- Theatrical poster
- Hangul: 생활의 발견
- Hanja: 生活의 發見
- RR: Saenghwarui balgyeon
- MR: Saenghwarŭi palgyŏn
- Directed by: Hong Sang-soo
- Written by: Hong Sang-soo
- Starring: Kim Sang-kyung Chu Sang-mi Ye Ji-won
- Release date: March 22, 2002;
- Running time: 115 minutes
- Country: South Korea
- Language: Korean
- Box office: $883,312

= On the Occasion of Remembering the Turning Gate =

2002 film by Hong Sang-soo

On the Occasion of Remembering the Turning Gate, is the fourth film by South Korean director Hong Sang-soo.

==Plot==
In the dreary and rigid city of Seoul, Gyung-soo is an actor who's fairly well known on stage. He has trusted a director he knows well and acted in his movie, but it flops. He insists on receiving his actor's fee, but all he gets is a mere grand's worth. He also misses out on his chance to act in director's next movie. The future looks cloudy for him.

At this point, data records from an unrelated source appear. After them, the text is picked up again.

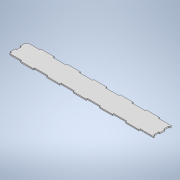
# Autodesk Inventor part: base
Saved by Autodesk Inventor 2020 (Build 240168000, 168)
## iProperties
Created: 2020-03-06
Part Number: base
Material: Generic
Document SubType Name: Modeling
Designer: udvarhelyi
Density: 1 g/cm^3
Appearance: Default
Author: udvarhelyi
Autodesk Inventor part; units mm, degrees
ref_plane "YZ Plane" through (0, 0, 0) normal (1, 0, 0) x (0, 1, 0)
ref_plane "XZ Plane" through (0, 0, 0) normal (0, 1, 0) x (-1, 0, 0)
ref_plane "XY Plane" through (0, 0, 0) normal (0, 0, 1) x (1, 0, 0)
sketch "Sketch1" plane through (0, 0, 0) normal (0, 1, 0) x (-1, 0, 0)
  line L0 (146.1818, 19) -> (146.1818, 22)
  line L1 (114.3636, 22) -> (114.3636, 19)
  line L2 (82.5455, 19) -> (82.5455, 22)
  line L3 (50.7273, 22) -> (50.7273, 19)
  line L4 (18.9091, 19) -> (18.9091, 22)
  line L5 (-12.9091, 22) -> (-12.9091, 19)
  line L6 (-44.7273, 19) -> (-44.7273, 22)
  line L7 (-76.5455, 22) -> (-76.5455, 19)
  line L8 (-108.3636, 19) -> (-108.3636, 22)
  line L9 (-140.1818, 22) -> (-140.1818, 19)
  line L10 (-172, 15) -> (-169, 15)
  line L11 (-169, 3) -> (-172, 3)
  line L12 (-169, -9) -> (-172, -9)
  line L13 (-172, -21) -> (-169, -21)
  line L14 (-140.1818, -25) -> (-140.1818, -28)
  line L15 (-108.3636, -28) -> (-108.3636, -25)
  line L16 (-76.5455, -25) -> (-76.5455, -28)
  line L17 (-44.7273, -28) -> (-44.7273, -25)
  line L18 (-12.9091, -28) -> (-12.9091, -25)
  line L19 (18.9091, -25) -> (18.9091, -28)
  line L20 (146.1818, -28) -> (146.1818, -25)
  line L21 (114.3636, -25) -> (114.3636, -28)
  line L22 (82.5455, -28) -> (82.5455, -25)
  line L23 (50.7273, -25) -> (50.7273, -28)
  line L24 (178, -21) -> (175, -21)
  line L25 (175, 15) -> (178, 15)
  line L26 (178, 3) -> (175, 3)
  line L27 (114.3636, -28) -> (146.1818, -28)
  line L28 (50.7273, -28) -> (82.5455, -28)
  line L29 (-12.9091, -28) -> (18.9091, -28)
  line L30 (178, -21) -> (178, -17)
  line L31 (178, 3) -> (178, 7)
  line L32 (178, 11) -> (178, 15)
  line L33 (146.1818, 22) -> (114.3636, 22)
  line L34 (82.5455, 22) -> (50.7273, 22)
  line L35 (18.9091, 22) -> (-12.9091, 22)
  line L36 (-44.7273, 22) -> (-76.5455, 22)
  line L37 (-108.3636, 22) -> (-140.1818, 22)
  line L38 (-169, 15) -> (-169, 11)
  line L39 (-169, 7) -> (-169, 3)
  line L40 (-172, 3) -> (-172, -1)
  line L41 (-172, 19) -> (-172, 15)
  line L42 (-140.1818, -28) -> (-108.3636, -28)
  line L43 (-76.5455, -28) -> (-44.7273, -28)
  line L44 (-169, -9) -> (-169, -13)
  line L45 (-169, -17) -> (-169, -21)
  line L46 (-172, -5) -> (-172, -9)
  line L47 (-172, -21) -> (-172, -25)
  line L48 (-172, -25) -> (-140.1818, -25)
  line L49 (-108.3636, -25) -> (-76.5455, -25)
  line L50 (-44.7273, -25) -> (-12.9091, -25)
  line L51 (18.9091, -25) -> (50.7273, -25)
  line L52 (82.5455, -25) -> (114.3636, -25)
  line L53 (146.1818, -25) -> (175, -25)
  line L54 (175, -25) -> (175, -21)
  line L55 (175, -1) -> (175, 3)
  line L56 (175, 15) -> (175, 19)
  line L57 (175, 19) -> (146.1818, 19)
  line L58 (114.3636, 19) -> (82.5455, 19)
  line L59 (50.7273, 19) -> (18.9091, 19)
  line L60 (-12.9091, 19) -> (-44.7273, 19)
  line L61 (-76.5455, 19) -> (-108.3636, 19)
  line L62 (-140.1818, 19) -> (-172, 19)
  line L63 (178, -13) -> (178, -9)
  line L64 (178, -9) -> (175, -9)
  line L65 (175, -9) -> (175, -5)
  line L66 (-169, -17) -> (-169, -13)
  line L67 (-172, -5) -> (-172, -1)
  line L68 (-169, 7) -> (-169, 11)
  line L69 (178, -17) -> (178, -13)
  line L70 (175, -5) -> (175, -1)
  line L71 (178, 7) -> (178, 11)
  point P0 (0, 0)
  point P1 (-219, 16.6364)
  point P2 (-222, -22.6364)
  point P3 (228, -22.6364)
  dimension "d1" = 347
  dimension "d3" = 44
  dimension "d5" = 25
  dimension "d6" = 175
  dimension "d9" = 3
  dimension "d15" = 3
  dimension "d16" = 3
  dimension "d17" = 3
  dimension "d18" = 12
  dimension "d19" = 12
  dimension "d20" = 12
  dimension "d21" = 4
  dimension "d23" = 31.8182
  constraints: 167 perpendicular, 144 end point, 89 parallel, 44 collinear, 13 equal length, 6 horizontal, 3 vertical
  measures "d1" distance of L47.end L53.end
  measures "d3" distance of L53.end L56.end
  measures "d5" vertical distance of L53.end point (0, 0)
  measures "d6" horizontal distance of L53.end point (0, 0)
  measures "d9" distance of L13.start L13.end
  measures "d15" distance of L20.start L20.end
  measures "d16" distance of L0.start L0.end
  measures "d17" distance of L24.start L24.end
  measures "d18" distance between parallel lines of L64 L24
  measures "d19" distance between parallel lines of L26 L64
  measures "d20" distance between parallel lines of L25 L26
  measures "d21" distance of L53.end L24.end
  measures "d23" distance of L23.end L22.start
extrude "Extrusion1" add sketch "Sketch1" along normal blind 3
equation "\"d1\" = wt - tt"
equation "\"d3\" = -2 * tt + ht"
equation "\"d5\" = 0.5 * ht"
equation "\"d6\" = 0.5 * wt"
equation "\"d9\" = tt"
equation "\"d15\" = tt"
equation "\"d16\" = tt"
equation "\"d17\" = tt"
equation "\"d18\" = 0.272727 * ht - 0.545455 * tt"
equation "\"d19\" = d18"
equation "\"d20\" = d18"
equation "\"d21\" = -0.181818 * tt + 0.0909091 * ht"
equation "\"d23\" = 0.0909091 * wt"
equation "\"d13\" = tt"
equation "\"wt\" = 350"
equation "\"tt\" = 3"
equation "\"tol\" = 0"
equation "\"tiroir\" = 25.4"
equation "\"nHoles\" = 101.6"
equation "\"shelfH\" = 35"
equation "\"d0\" = 0.5 * wt"
equation "\"d2\" = 0.5 * lt"
equation "\"d4\" = tt"
equation "\"ht\" = 50"
equation "\"lt\" = 350"
body "Solid1"

Gyung-soo goes down to Chuncheon to meet an old friend who's a writer, Seong-wu. They go out to the town and Gyung-soo's friend introduces him to a pretty dancer named Myung-sook. After having a drink with Gyung-soo and his friend, she suddenly hits on Gyung-soo and on the spur of the moment they hit it off and go to a motel. But Gyung-soo doesn't know that Seong-wu has long had feelings for Myung-soo, even though he has never revealed his true feelings for her. Gyung-soo's relationship with his friend turns sour as Myung-sook becomes obsessively infatuated with Gyung-soo.

Gyung-soo tries to put his bad memories of Chuncheon behind him and gets on a train headed for Gyeongju. Sitting next to him on the train is a woman named Sun-young who entices him after recognizing his face. After she gets off the train, he chases after Sun-young and stops her, but she gives him mixed signals. Gyung-soo follows Sun-young to her house and on the next day he works up enough courage to knock on her door. This time Gyung-soo falls in love.

==Reception==
Turning Gate has a 100% approval rating on Rotten Tomatoes.